Monday, April 3, 2017

IVF Weeks 4 & 5

I realize I have been somewhat of a slacker lately, but to be completely honest, I have not had the wherewithal to sit and write.  So I thought I'd kill two birds with one stone and sum up the last two weeks in one post.  They've been quite a doozy... :)

Week 4 I had my egg retrieval.  That was the biggest doozy of all.  Except for the anesthesia.  That was absolute heaven.

I was one day ahead of schedule, which ended up being a great blessing because it was one less day of feeling like my ovaries were pregnant.  I had gone in on Monday morning for another ultrasound and blood work and they told me to give myself a trigger shot that night, which is HCG and basically releases the eggs so that the doctor can go in and get them.  36 hours later, on Wednesday morning, we went in for the retrieval.  I was SO nervous, but anxious and excited to see how many eggs they were going to get and how many would fertilize.

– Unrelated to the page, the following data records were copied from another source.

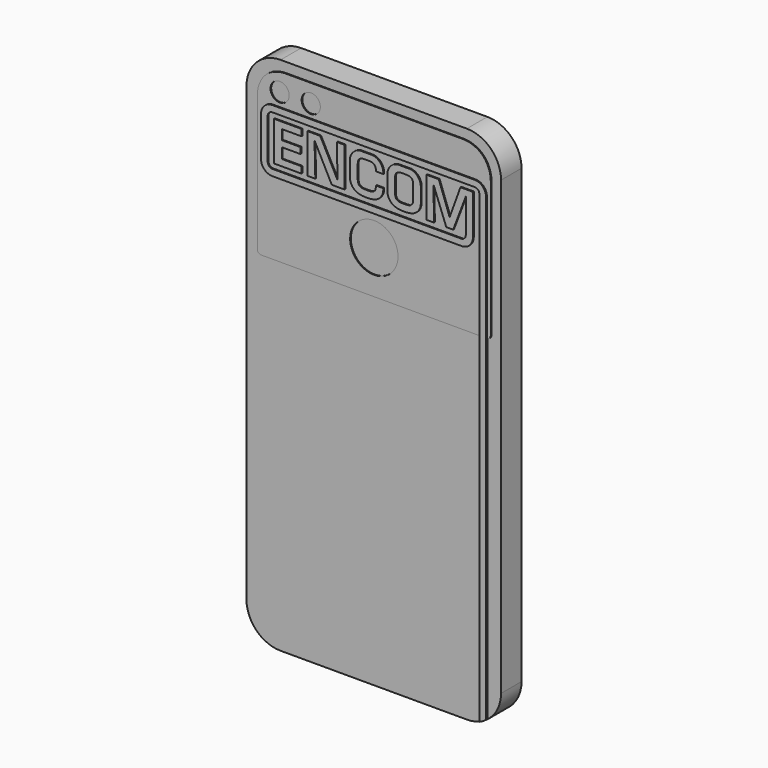
from build123d import *

# Parameters (mm, degrees)
F0_W     = 33.5805061566
F0_H     = 21.1181491613
F0_R     = 2.7798200703
F1_DEPTH = 7.62
F2_DEPTH = 0.254
F3_W     = 56.1288154928
F3_H     = 1.9038211044
F3_W_2   = 1.9916594028
F3_H_2   = 12.0399824588
F3_W_3   = 60.1634240953
F3_H_3   = 1.8881708384
F3_W_4   = 1.9932091236
F3_H_4   = 21.9200883571
F4_DEPTH = 0.5588


with BuildPart() as f1:
    # F0 (on Front) → F1 (new body)
    with BuildSketch(Plane.XZ):
        with BuildLine():
            Line((229.2512688186, 129.6003680688), (201.261898373, 129.6003680688))
            ThreePointArc((201.261898373, 129.6003680688), (194.0776934762, 126.6245729657), (191.101898373, 119.4403680688))
            Line((191.101898373, 119.4403680688), (191.101898373, -14.9256319312))
            ThreePointArc((191.101898373, -14.9256319312), (194.0776934762, -22.109836828), (201.261898373, -25.0856319312))
            Line((201.261898373, -25.0856319312), (229.2512688186, -25.0856319312))
            Line((229.2512688186, -25.0856319312), (229.2512688186, 76.8102183938))
            Line((229.2512688186, 76.8102183938), (195.670762662, 76.8102183938))
            ThreePointArc((195.670762662, 76.8102183938), (194.8754453058, 77.1396496291), (194.5460140705, 77.9349669853))
            Line((194.5460140705, 77.9349669853), (194.5460140705, 118.3175742626))
            ThreePointArc((194.5460140705, 118.3175742626), (194.9559900402, 120.9651454276), (196.1475163698, 123.3647242188))
            ThreePointArc((196.1475163698, 123.3647242188), (197.3925900387, 124.7286537572), (198.9371180534, 125.7410496473))
            ThreePointArc((198.9371180534, 125.7410496473), (200.6644568507, 126.3825901352), (202.4843841791, 126.6709268093))
            Line((202.4843841791, 126.6709268093), (229.2512688186, 126.6709268093))
            Line((229.2512688186, 126.6709268093), (229.2512688186, 129.6003680688))
        make_face()
        with BuildLine():
            Line((256.633898373, 129.6003680688), (229.2512688186, 129.6003680688))
            Line((229.2512688186, 129.6003680688), (229.2512688186, 126.6709268093))
            Line((229.2512688186, 126.6709268093), (256.018153458, 126.6709268093))
            ThreePointArc((256.018153458, 126.6709268093), (257.8380807864, 126.3825901352), (259.5654195837, 125.7410496473))
            ThreePointArc((259.5654195837, 125.7410496473), (261.1099475984, 124.7286537572), (262.3550212673, 123.3647242188))
            ThreePointArc((262.3550212673, 123.3647242188), (263.546547597, 120.9651454276), (263.9565235666, 118.3175742626))
            Line((263.9565235666, 118.3175742626), (263.9565235666, 77.9349669853))
            ThreePointArc((263.9565235666, 77.9349669853), (263.6270923313, 77.1396496291), (262.8317749751, 76.8102183938))
            Line((262.8317749751, 76.8102183938), (229.2512688186, 76.8102183938))
            Line((229.2512688186, 76.8102183938), (229.2512688186, -25.0856319312))
            Line((229.2512688186, -25.0856319312), (256.633898373, -25.0856319312))
            ThreePointArc((256.633898373, -25.0856319312), (263.8181032699, -22.109836828), (266.793898373, -14.9256319312))
            Line((266.793898373, -14.9256319312), (266.793898373, 119.4403680688))
            ThreePointArc((266.793898373, 119.4403680688), (263.8181032699, 126.6245729657), (256.633898373, 129.6003680688))
        make_face()
        with Locations((212.4610157403, 107.7584996819)):
            Rectangle(F0_W, F0_H)
        with Locations((246.0415218969, 107.7584996819)):
            Rectangle(F0_W, F0_H)
        with BuildLine():
            Line((262.8317749751, 97.1994251013), (229.2512688186, 97.1994251013))
            Line((229.2512688186, 97.1994251013), (229.2512688186, 96.7630286436))
            ThreePointArc((229.2512688186, 96.7630286436), (234.2846818006, 94.6781207214), (236.3695897228, 89.6447077394))
            ThreePointArc((236.3695897228, 89.6447077394), (234.2846818006, 84.6112947573), (229.2512688186, 82.5263868351))
            Line((229.2512688186, 82.5263868351), (229.2512688186, 77.9349669853))
            Line((229.2512688186, 77.9349669853), (262.8317749751, 77.9349669853))
            Line((262.8317749751, 77.9349669853), (262.8317749751, 97.1994251013))
        make_face()
        with BuildLine():
            Line((229.2512688186, 96.7630286436), (229.2512688186, 97.1994251013))
            Line((229.2512688186, 97.1994251013), (195.670762662, 97.1994251013))
            Line((195.670762662, 97.1994251013), (195.670762662, 77.9349669853))
            Line((195.670762662, 77.9349669853), (229.2512688186, 77.9349669853))
            Line((229.2512688186, 77.9349669853), (229.2512688186, 82.5263868351))
            ThreePointArc((229.2512688186, 82.5263868351), (222.1329479143, 89.6447077394), (229.2512688186, 96.7630286436))
        make_face()
        with BuildLine():
            Line((229.2512688186, 118.3175742626), (229.2512688186, 126.6709268093))
            Line((229.2512688186, 126.6709268093), (202.4843841791, 126.6709268093))
            ThreePointArc((202.4843841791, 126.6709268093), (200.6644568507, 126.3825901352), (198.9371180534, 125.7410496473))
            ThreePointArc((198.9371180534, 125.7410496473), (197.3925900387, 124.7286537572), (196.1475163698, 123.3647242188))
            ThreePointArc((196.1475163698, 123.3647242188), (194.9559900402, 120.9651454276), (194.5460140705, 118.3175742626))
            Line((194.5460140705, 118.3175742626), (194.5460140705, 77.9349669853))
            ThreePointArc((194.5460140705, 77.9349669853), (194.8754453058, 77.1396496291), (195.670762662, 76.8102183938))
            Line((195.670762662, 76.8102183938), (229.2512688186, 76.8102183938))
            Line((229.2512688186, 76.8102183938), (229.2512688186, 77.9349669853))
            Line((229.2512688186, 77.9349669853), (195.670762662, 77.9349669853))
            Line((195.670762662, 77.9349669853), (195.670762662, 97.1994251013))
            Line((195.670762662, 97.1994251013), (195.670762662, 118.3175742626))
            Line((195.670762662, 118.3175742626), (229.2512688186, 118.3175742626))
        make_face()
        with Locations((201.2345939875, 121.2812513113)):
            Circle(F0_R, mode=Mode.SUBTRACT)
        with Locations((210.4916423559, 121.2812513113)):
            Circle(F0_R, mode=Mode.SUBTRACT)
        with BuildLine():
            Line((256.018153458, 126.6709268093), (229.2512688186, 126.6709268093))
            Line((229.2512688186, 126.6709268093), (229.2512688186, 118.3175742626))
            Line((229.2512688186, 118.3175742626), (262.8317749751, 118.3175742626))
            Line((262.8317749751, 118.3175742626), (262.8317749751, 97.1994251013))
            Line((262.8317749751, 97.1994251013), (262.8317749751, 77.9349669853))
            Line((262.8317749751, 77.9349669853), (229.2512688186, 77.9349669853))
            Line((229.2512688186, 77.9349669853), (229.2512688186, 76.8102183938))
            Line((229.2512688186, 76.8102183938), (262.8317749751, 76.8102183938))
            ThreePointArc((262.8317749751, 76.8102183938), (263.6270923313, 77.1396496291), (263.9565235666, 77.9349669853))
            Line((263.9565235666, 77.9349669853), (263.9565235666, 118.3175742626))
            ThreePointArc((263.9565235666, 118.3175742626), (263.546547597, 120.9651454276), (262.3550212673, 123.3647242188))
            ThreePointArc((262.3550212673, 123.3647242188), (261.1099475984, 124.7286537572), (259.5654195837, 125.7410496473))
            ThreePointArc((259.5654195837, 125.7410496473), (257.8380807864, 126.3825901352), (256.018153458, 126.6709268093))
        make_face()
        with BuildLine():
            ThreePointArc((236.3695897228, 89.6447077394), (234.2846818006, 94.6781207214), (229.2512688186, 96.7630286436))
            Line((229.2512688186, 96.7630286436), (229.2512688186, 82.5263868351))
            ThreePointArc((229.2512688186, 82.5263868351), (234.2846818006, 84.6112947573), (236.3695897228, 89.6447077394))
        make_face()
        with BuildLine():
            Line((229.2512688186, 82.5263868351), (229.2512688186, 96.7630286436))
            ThreePointArc((229.2512688186, 96.7630286436), (222.1329479143, 89.6447077394), (229.2512688186, 82.5263868351))
        make_face()
        with Locations((210.4916423559, 121.2812513113)):
            Circle(F0_R)
        with Locations((201.2345939875, 121.2812513113)):
            Circle(F0_R)
    extrude(amount=-F1_DEPTH)


with BuildPart() as f2:
    # F0 (on Front) → F2 (new body)
    with BuildSketch(Plane.XZ):
        with BuildLine():
            Line((256.018153458, 126.6709268093), (229.2512688186, 126.6709268093))
            Line((229.2512688186, 126.6709268093), (229.2512688186, 118.3175742626))
            Line((229.2512688186, 118.3175742626), (262.8317749751, 118.3175742626))
            Line((262.8317749751, 118.3175742626), (262.8317749751, 97.1994251013))
            Line((262.8317749751, 97.1994251013), (262.8317749751, 77.9349669853))
            Line((262.8317749751, 77.9349669853), (229.2512688186, 77.9349669853))
            Line((229.2512688186, 77.9349669853), (229.2512688186, 76.8102183938))
            Line((229.2512688186, 76.8102183938), (262.8317749751, 76.8102183938))
            ThreePointArc((262.8317749751, 76.8102183938), (263.6270923313, 77.1396496291), (263.9565235666, 77.9349669853))
            Line((263.9565235666, 77.9349669853), (263.9565235666, 118.3175742626))
            ThreePointArc((263.9565235666, 118.3175742626), (263.546547597, 120.9651454276), (262.3550212673, 123.3647242188))
            ThreePointArc((262.3550212673, 123.3647242188), (261.1099475984, 124.7286537572), (259.5654195837, 125.7410496473))
            ThreePointArc((259.5654195837, 125.7410496473), (257.8380807864, 126.3825901352), (256.018153458, 126.6709268093))
        make_face()
        with BuildLine():
            Line((229.2512688186, 118.3175742626), (229.2512688186, 126.6709268093))
            Line((229.2512688186, 126.6709268093), (202.4843841791, 126.6709268093))
            ThreePointArc((202.4843841791, 126.6709268093), (200.6644568507, 126.3825901352), (198.9371180534, 125.7410496473))
            ThreePointArc((198.9371180534, 125.7410496473), (197.3925900387, 124.7286537572), (196.1475163698, 123.3647242188))
            ThreePointArc((196.1475163698, 123.3647242188), (194.9559900402, 120.9651454276), (194.5460140705, 118.3175742626))
            Line((194.5460140705, 118.3175742626), (194.5460140705, 77.9349669853))
            ThreePointArc((194.5460140705, 77.9349669853), (194.8754453058, 77.1396496291), (195.670762662, 76.8102183938))
            Line((195.670762662, 76.8102183938), (229.2512688186, 76.8102183938))
            Line((229.2512688186, 76.8102183938), (229.2512688186, 77.9349669853))
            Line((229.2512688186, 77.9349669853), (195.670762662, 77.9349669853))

I remember going into the room (pictured below!) and seeing this bed and them telling me to put my gown on and to keep it open in the back.  Classic.  I did as I was told and I laid my tired little head right on down.  They stuck the I.V. in my wrist, which didn't feel super great, and then the doctor came in and started talking to me and all of a sudden the ceiling was moving and things were spinning and I was blissfully unaware of what was about to take place- thank the high heavens!





I'm not exactly sure what the procedure is like, as I was in dreamland the whole time, but from what I understand, they go up with a needle and aspirate all of the egg follicles, which basically forces the egg into the needle.  Does that even make sense? All I know is that I felt like I had just fallen asleep when the doctor asked me if I could walk to the recovery room.  I was like, "Um, no.  I can't even move!" I felt like my entire body was painted on to that bed and I didn't want to be bugged.  He asked again, and helped me up, and I literally was hanging on him as he was walking me in to recovery.  Did I mention he was kind of a dream boat?  He was so sweet he almost gave me cavities (I think he was the anesthesiologist).  Anyway, the minute I came off the anesthesia and realized what a sight I must have been with my gown opening in the back and me looking like a drunk on his arm, I was mortified.  Why, though?  For the last 45 minutes he had been where the sun don't shine, so why was I so embarrassed that he saw my butt?? I laugh every time I think of it.  A girl gets no privacy, I tell you.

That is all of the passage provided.